Nothing but the lines below from the first through the one with "C1: 1m; CP_Radial_D13.0mm_P5.00mm" should appear, printed exactly; please leave pictures out.

===== Extracted entries =====

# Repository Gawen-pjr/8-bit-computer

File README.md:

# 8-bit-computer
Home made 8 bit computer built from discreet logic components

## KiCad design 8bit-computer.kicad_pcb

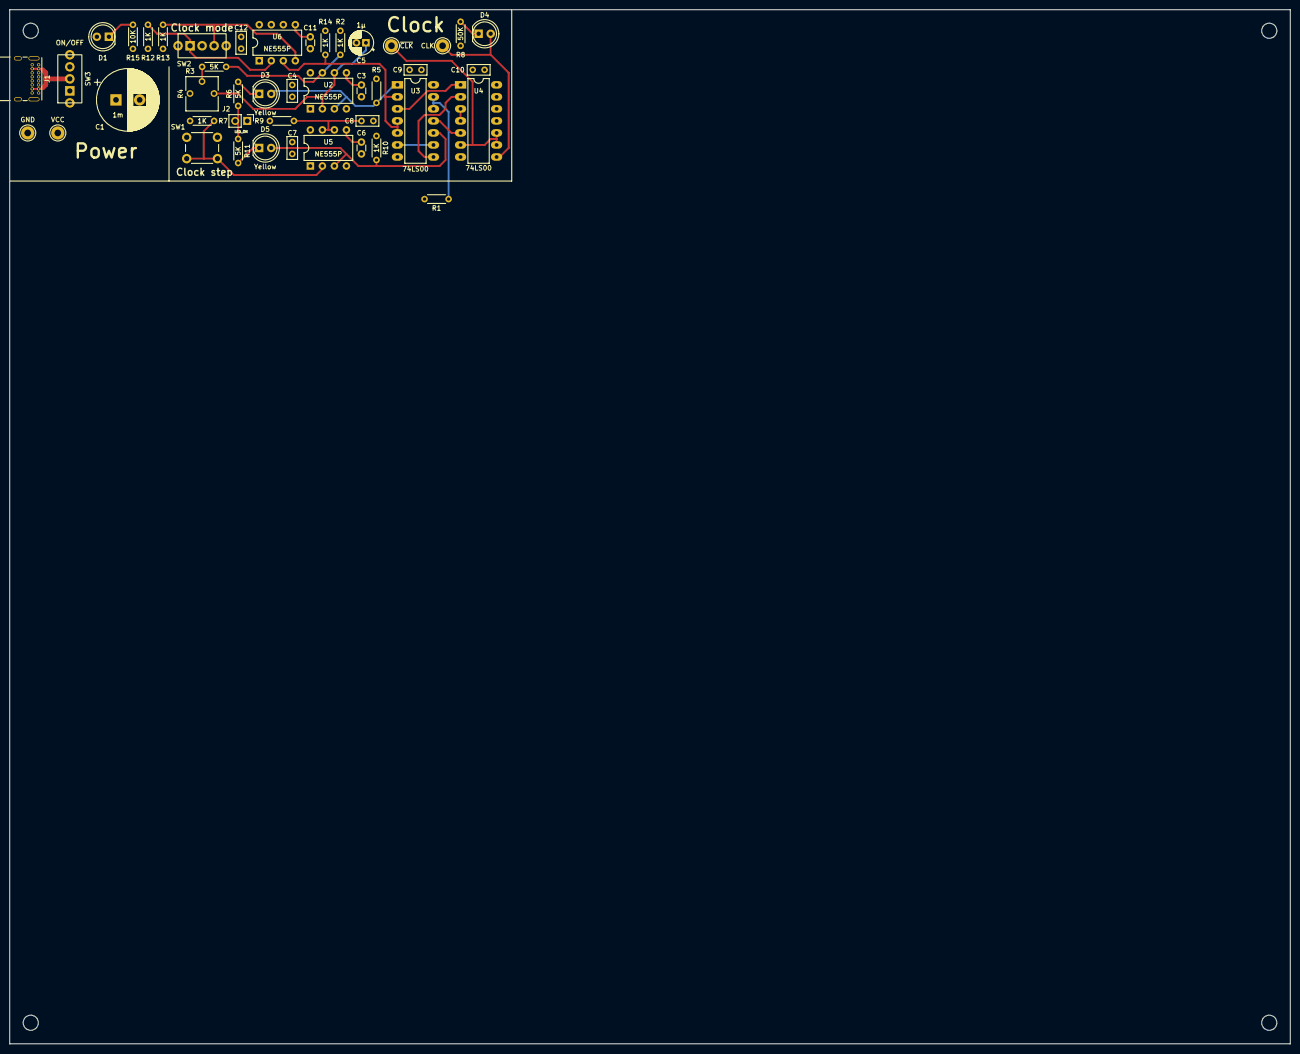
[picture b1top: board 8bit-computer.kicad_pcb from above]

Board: 4 copper layers, 270.5 x 218.4 mm, 48 parts (0 on the bottom side), 29 nets.

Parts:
C1: 1m; CP_Radial_D13.0mm_P5.00mm
C3, C6, C11: 17n; C_Disc_D3.0mm_W1.6mm_P2.50mm
C4, C7, C8, C9, C10, C12: 0.1µ; C_Rect_L4.6mm_W2.0mm_P2.50mm_MKS02_FKP02
C5: 1µ; CP_Radial_D5.0mm_P2.00mm
D1: Red; LED_D5.0mm
D3, D5: Yellow; LED_D5.0mm
D4: Blue; LED_D5.0mm
J1: Power connector; USB_C_Receptacle_GCT_USB4085
J2: LED_ON; PinHeader_1x02_P2.54mm_Vertical
MH1, MH2, MH3, MH4: MountingHole_3.2mm_M3
R1, R2, R5, R7, R10, R12, R13, R14: 1K; R_Axial_DIN0204_L3.6mm_D1.6mm_P5.08mm_Horizontal
R3, R6, R11: 5K; R_Axial_DIN0204_L3.6mm_D1.6mm_P5.08mm_Horizontal
R4: 1.5M; Potentiometer_Vishay_T73YP_Vertical
R8: 50K; R_Axial_DIN0204_L3.6mm_D1.6mm_P5.08mm_Horizontal
R9: 1M; R_Axial_DIN0204_L3.6mm_D1.6mm_P5.08mm_Horizontal
R15: 10K; R_Axial_DIN0204_L3.6mm_D1.6mm_P5.08mm_Horizontal
SW1: Clock step; SW_PUSH_6mm
SW2: Clock mode; MC8MSLP1B06VS2QES
SW3: ON/OFF; MC8MSLP1B06VS2QES
TP1: GND; TestPoint_Loop_D2.60mm_Drill1.4mm_Beaded
TP2: VCC; TestPoint_Loop_D2.60mm_Drill1.4mm_Beaded
TP3: ~{CLK}; TestPoint_Loop_D2.60mm_Drill1.4mm_Beaded
TP4: CLK; TestPoint_Loop_D2.60mm_Drill1.4mm_Beaded
U2, U5, U6: NE555P; DIP-8_W7.62mm
U3, U4: 74LS00; DIP-14_W7.62mm_LongPads

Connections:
+5V: J1.A4 (VBUS), J1.A9 (VBUS), J1.B4 (VBUS), J1.B9 (VBUS), SW3.2 (B)
/Clock/Clk_A: D3.2 (A), R5.2, U2.3 (Q), U3.1
/Clock/Clk_M: D5.2 (A), R10.2, U3.10, U5.3 (Q)
/Clock/HLT: R1.1, U3.12, U3.13
/Clock/LEDs: J2.2, R6.1, R11.1
/Clock/Mode: R14.2, U3.2, U3.4, U3.5, U6.3 (Q)
CLK: D4.2 (A), TP4.1, U4.8
GND: C1.2, C3.2, C4.2, C5.2, C6.2, C7.2, C8.2, C9.2, C10.2, C11.2, C12.2, J1.A1 (GND), J1.A12 (GND), J1.B1 (GND), J1.B12 (GND), J1.S1 (SHIELD), J2.1, R1.2, R8.1, R15.2, SW1.1, SW2.2 (B), TP1.1, U2.1 (GND), U3.7 (GND), U4.7 (GND), U5.1 (GND), U6.1 (GND), U6.6 (THR)
unnamed: C3.1, U2.5 (CV)
unnamed: C5.1, R4.1, U2.2 (TR), U2.6 (THR)
unnamed: C6.1, U5.5 (CV)
unnamed: C8.1, R9.2, U5.6 (THR), U5.7 (DIS)
unnamed: C11.1, U6.5 (CV)
unnamed: D1.1 (K), R15.1
unnamed: D3.1 (K), R6.2
unnamed: D4.1 (K), R8.2
unnamed: D5.1 (K), R11.2
unnamed: R2.2, R3.1, U2.7 (DIS)
unnamed: R3.2, R4.2
unnamed: R7.2, SW1.2, U5.2 (TR)
unnamed: R12.2, SW2.1 (A), U6.2 (TR)
unnamed: R13.1, SW2.3 (C), U6.4 (R)
unnamed: U3.3, U4.1
unnamed: U3.6, U3.9
unnamed: U3.8, U4.2
unnamed: U3.11, U4.5
unnamed: U4.3, U4.4
VCC: C1.1, C4.1, C7.1, C9.1, C10.1, C12.1, D1.2 (A), R2.1, R5.1, R7.1, R9.1, R10.1, R12.1, R13.2, R14.1, SW3.1 (A), TP2.1, U2.4 (R), U2.8 (VCC), U3.14 (VCC), U4.12, U4.13, U4.14 (VCC), U5.4 (R), U5.8 (VCC), U6.8 (VCC)
~CLK: TP3.1, U4.6, U4.9, U4.10

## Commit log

2022-04-20 🎉 import project as-is on 2022-04-20
2022-04-20 🚧 replace power supply with USB-C socket

=====

§ **Answer space**:
# Repository Gawen-pjr/8-bit-computer

File README.md:

# 8-bit-computer
Home made 8 bit computer built from discreet logic components

## KiCad design 8bit-computer.kicad_pcb

[picture b1top: board 8bit-computer.kicad_pcb from above]

Board: 4 copper layers, 270.5 x 218.4 mm, 48 parts (0 on the bottom side), 29 nets.

Parts:
C1: 1m; CP_Radial_D13.0mm_P5.00mm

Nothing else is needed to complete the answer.